In 2015, Facebook was informed by the Guardian that Kogan had shared some user data with Cambridge Analytica. Kogan was subsequently banned from Facebook and both Cambridge Analytica and Kogan were asked to delete the data as it had been shared without users consent. Both formally certified that they deleted the data and provided these certifications but it seems Cambridge Analytica did not actually delete the data. Cambridge Analytica stands by their claim that they had deleted the data and they have also agreed to undergo a forensic audit to prove their innocence.
New security checks to be in put place going forward
Going forward Facebook will also take more steps to ensure user privacy is not breached again. An investigation will be carried out on all the apps that had ‘large amounts’ of data before restrictions limiting data access were put in place.

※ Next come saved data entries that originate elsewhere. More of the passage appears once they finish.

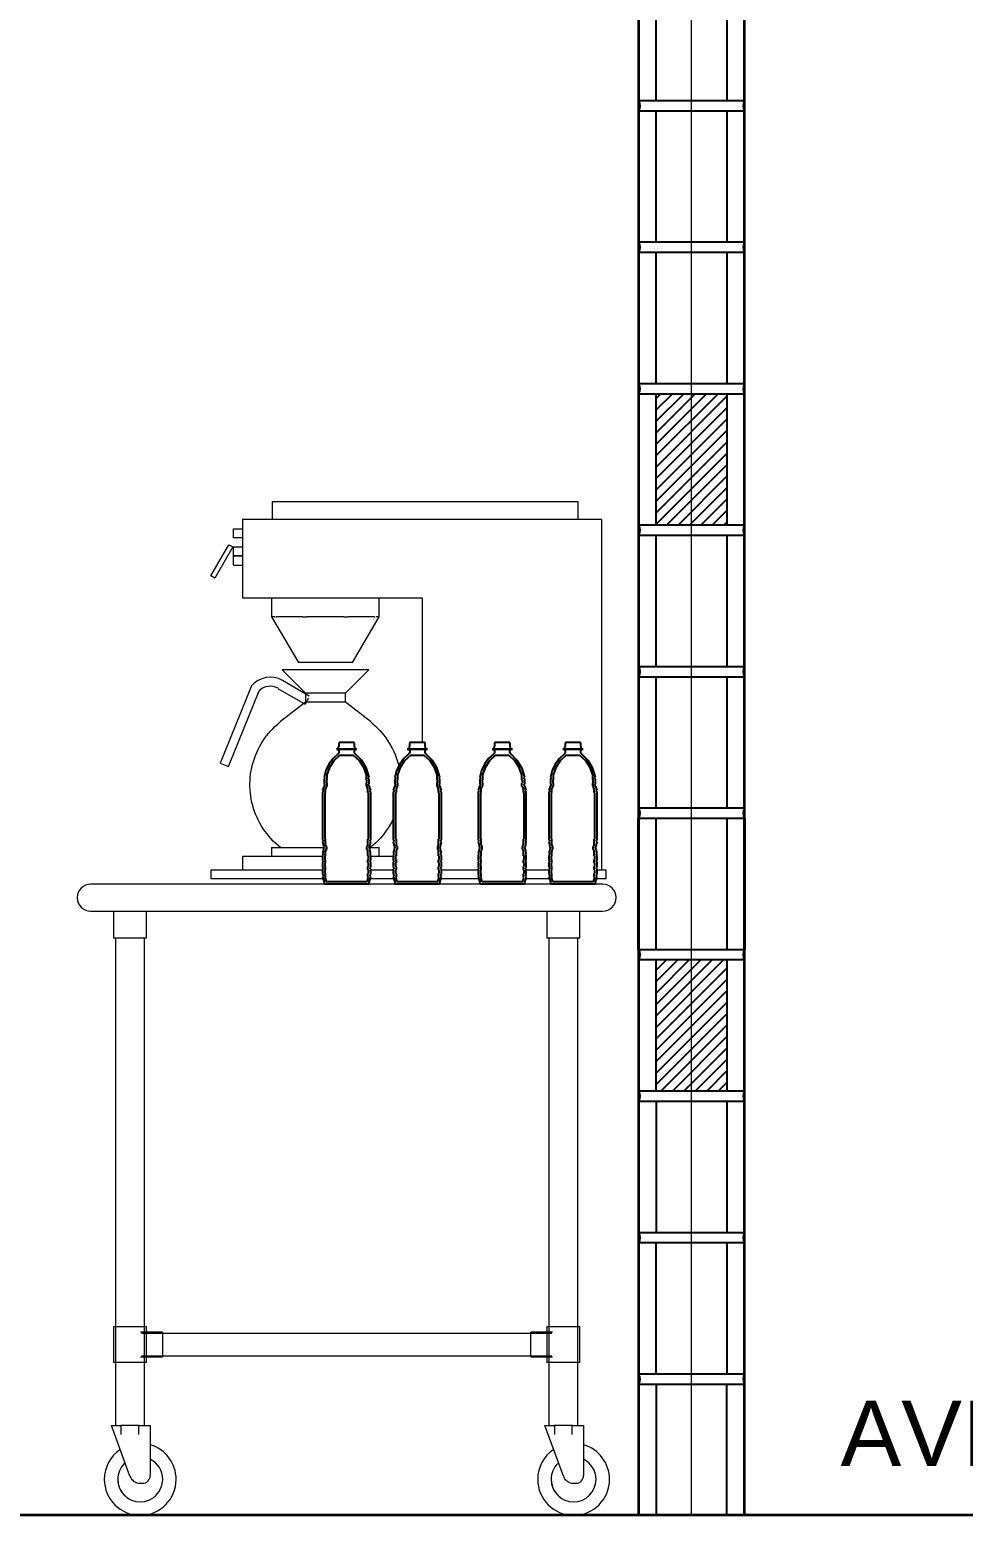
# Model space of a CAD drawing. Header units: inches. Extents: x -6 to 158, y 10 to 161.
# Drawn here: x 18.833 to 20.153, y 32.263 to 34.363 of the extents above; entities that cross this region are included whole.
import ezdxf

# ---------------------------------------------------------------- set-up
doc = ezdxf.new("R2010")
doc.units = ezdxf.units.IN
doc.header["$MEASUREMENT"] = 0
doc.linetypes.add('DASHED2', pattern=[9.525, 6.35, -3.175])
doc.linetypes.add('Grid Line', pattern=[22.225, 12.7, -3.175, 3.175, -3.175])
for name, color, linetype in [('10 HATCH 2', 9, 'Continuous'), ('4 Paredes', 5, 'Continuous'), ('Bloques', 9, 'Continuous'), ('L2', 2, 'Continuous'), ('Proy', 1, 'DASHED2'), ('TEXTO', 2, 'Continuous')]:
    doc.layers.add(name, color=color, linetype=linetype)
for name, color, linetype, lineweight in [('A-FLOR', 5, 'Continuous', 9), ('A-GENM', 3, 'Continuous', 9), ('A-WALL', 5, 'Continuous', 9), ('Q-SPCQ', 1, 'Continuous', 9), ('S-GRID', 1, 'Continuous', 9)]:
    doc.layers.add(name, color=color, linetype=linetype, lineweight=lineweight)
doc.styles.add('style1', font='micross.ttf')
pattern_1 = [(45, (-3109.066727, -1566.303653), (-0.00808223051, 0.00808223051), [])]

# ---------------------------------------------------------------- blocks, each defined once
blk = doc.blocks.new('QF_Eagle_Worktable_Rolled_cat - QF_Eagle_Worktable_Rolled_cat-1529766-Section 1')
at = {"layer": 'Q-SPCQ', "color": 251}
for p, q in [((-14705.1, 892.2), (-15429.1, 892.2)), ((-15429.1, 854.1), (-14705.1, 854.1)), ((-15396.7, 854.1), (-15396.7, 816)), ((-15350.3, 816), (-15350.3, 854.1)), ((-14783.9, 854.1), (-14783.9, 816)), ((-14737.5, 816), (-14737.5, 854.1)), ((-15373.5, 816), (-15396.7, 816)), ((-15394.1, 816), (-15394.1, 127)), ((-15350.3, 816), (-15373.5, 816)), ((-15352.9, 127), (-15352.9, 816)), ((-14760.7, 816), (-14783.9, 816)), ((-14781.4, 816), (-14781.4, 127)), ((-14737.5, 816), (-14760.7, 816)), ((-14740.1, 127), (-14740.1, 816)), ((-15396.7, 266.7), (-15396.7, 215.9)), ((-15396.7, 266.7), (-15350.3, 266.7)), ((-15327.4, 258.8), (-15358.4, 258.8)), ((-14777.1, 257.2), (-15357.1, 257.2)), ((-15350.3, 215.9), (-15350.3, 266.7)), ((-15327.4, 258.8), (-15327.4, 223.8)), ((-14775.8, 258.8), (-14806.9, 258.8)), ((-14806.9, 223.8), (-14806.9, 258.8)), ((-14783.9, 266.7), (-14783.9, 215.9)), ((-14783.9, 266.7), (-14737.5, 266.7)), ((-14737.5, 215.9), (-14737.5, 266.7)), ((-15350.3, 215.9), (-15396.7, 215.9)), ((-15358.4, 223.8), (-15327.4, 223.8)), ((-15357.1, 225.4), (-14777.1, 225.4)), ((-14806.9, 223.8), (-14775.8, 223.8)), ((-14737.5, 215.9), (-14783.9, 215.9)), ((-15399.6, 127), (-15386.4, 127)), ((-15373.5, 55.4), (-15399.6, 127)), ((-15373.5, 127), (-15386.5, 127)), ((-15386.2, 127), (-15386.2, 114.3)), ((-15360.5, 127), (-15373.5, 127)), ((-15360.8, 114.3), (-15360.8, 127)), ((-15360.6, 127), (-15344.9, 127)), ((-15344.9, 127), (-15344.9, 56.2)), ((-14786.8, 127), (-14773.6, 127)), ((-14760.7, 55.4), (-14786.8, 127)), ((-14760.7, 127), (-14773.7, 127)), ((-14773.4, 127), (-14773.4, 114.3)), ((-14747.7, 127), (-14760.7, 127)), ((-14748, 114.3), (-14748, 127)), ((-14747.8, 127), (-14732.1, 127)), ((-14732.1, 127), (-14732.1, 56.2)), ((-15359, 45.2), (-15355.9, 45.2)), ((-14746.2, 45.2), (-14743.1, 45.2))]:
    blk.add_line(p, q, dxfattribs=at)
for centre, radius, start, end in [((-15429.1, 873.1), 19.1, 90, 270), ((-14705.1, 873.1), 19, 270, 90), ((-15359, 50.8), 50.8, 123.8167, 180), ((-15359, 50.8), 50.8, 0, 73.8374), ((-14746.2, 50.8), 50.8, 123.8167, 180), ((-14746.2, 50.8), 50.8, 360, 73.8374), ((-15359, 50.8), 31.8, 135, 180), ((-15358.9, 50.8), 31.8, 135, 180), ((-15359, 50.8), 31.8, 0, 63.4816), ((-14746.2, 50.8), 31.7, 135, 180), ((-14746.1, 50.8), 31.8, 135, 180), ((-14746.2, 50.8), 31.7, 0, 63.4816), ((-15359, 50.8), 50.8, 180, 360), ((-15359, 50.8), 31.8, 180, 0), ((-15358.9, 50.8), 31.8, 180, 240), ((-15359, 60.6), 15.4, 200, 270), ((-15355.9, 56.2), 11, 270, 360), ((-14746.2, 50.8), 50.8, 180, 360), ((-14746.2, 50.8), 31.8, 180, 0), ((-14746.1, 50.8), 31.7, 180, 240), ((-14746.2, 60.6), 15.4, 200, 270), ((-14743.1, 56.2), 11, 270, 360)]:
    blk.add_arc(centre, radius, start, end, dxfattribs=at)
blk = doc.blocks.new('Water_Bottle_11563 - Water_Bottle_11563-1530860-Section 1')
at = {"layer": 'A-GENM', "color": 251, "lineweight": 25}
for p, q in [((-15067.1, 1092.4), (-15077.6, 1092.4)), ((-15056.6, 1092.4), (-15067.1, 1092.4)), ((-15067.1, 1083.1), (-15081.4, 1083.1)), ((-15079.1, 1077.2), (-15079.1, 1076.4)), ((-15078.9, 1086.3), (-15078.9, 1083.1)), ((-15078.9, 1083.1), (-15067.1, 1083.1)), ((-15078.2, 1091.5), (-15078.2, 1086.9)), ((-15078, 1082.3), (-15078, 1077.5)), ((-15067.1, 1073.9), (-15077, 1073.9)), ((-15067.1, 1083.1), (-15055.4, 1083.1)), ((-15052.8, 1083.1), (-15067.1, 1083.1)), ((-15057.3, 1073.9), (-15067.1, 1073.9)), ((-15056.2, 1077.5), (-15056.2, 1082.3)), ((-15056.1, 1086.9), (-15056.1, 1091.5)), ((-15055.4, 1083.1), (-15055.4, 1086.3)), ((-15055.1, 1076.4), (-15055.1, 1077.2)), ((-15099, 1031.1), (-15101.2, 1025.1)), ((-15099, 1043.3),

Apps with suspicious activity will undergo similar audits as the one Cambridge Analytica will be subjected to and if a developer does not agree to the auditing process they will be banned from the platform. Bans will also be handed out to the developers who are found misusing personal data. As these developers are banned Facebook will notify all individuals affected by those apps.
Secondly, Zuckerberg promised that going forward user data on apps will have an expiry date of sorts. Facebook will remove developers’ access to your data if you haven’t used their app for 3 months. The only data that will remain accessible after these 3 months will be a user’s name, email address and profile pic. Developers will also now have to sign a contract (with Facebook, not the user) in order to get permission to ask for access to user posts and data.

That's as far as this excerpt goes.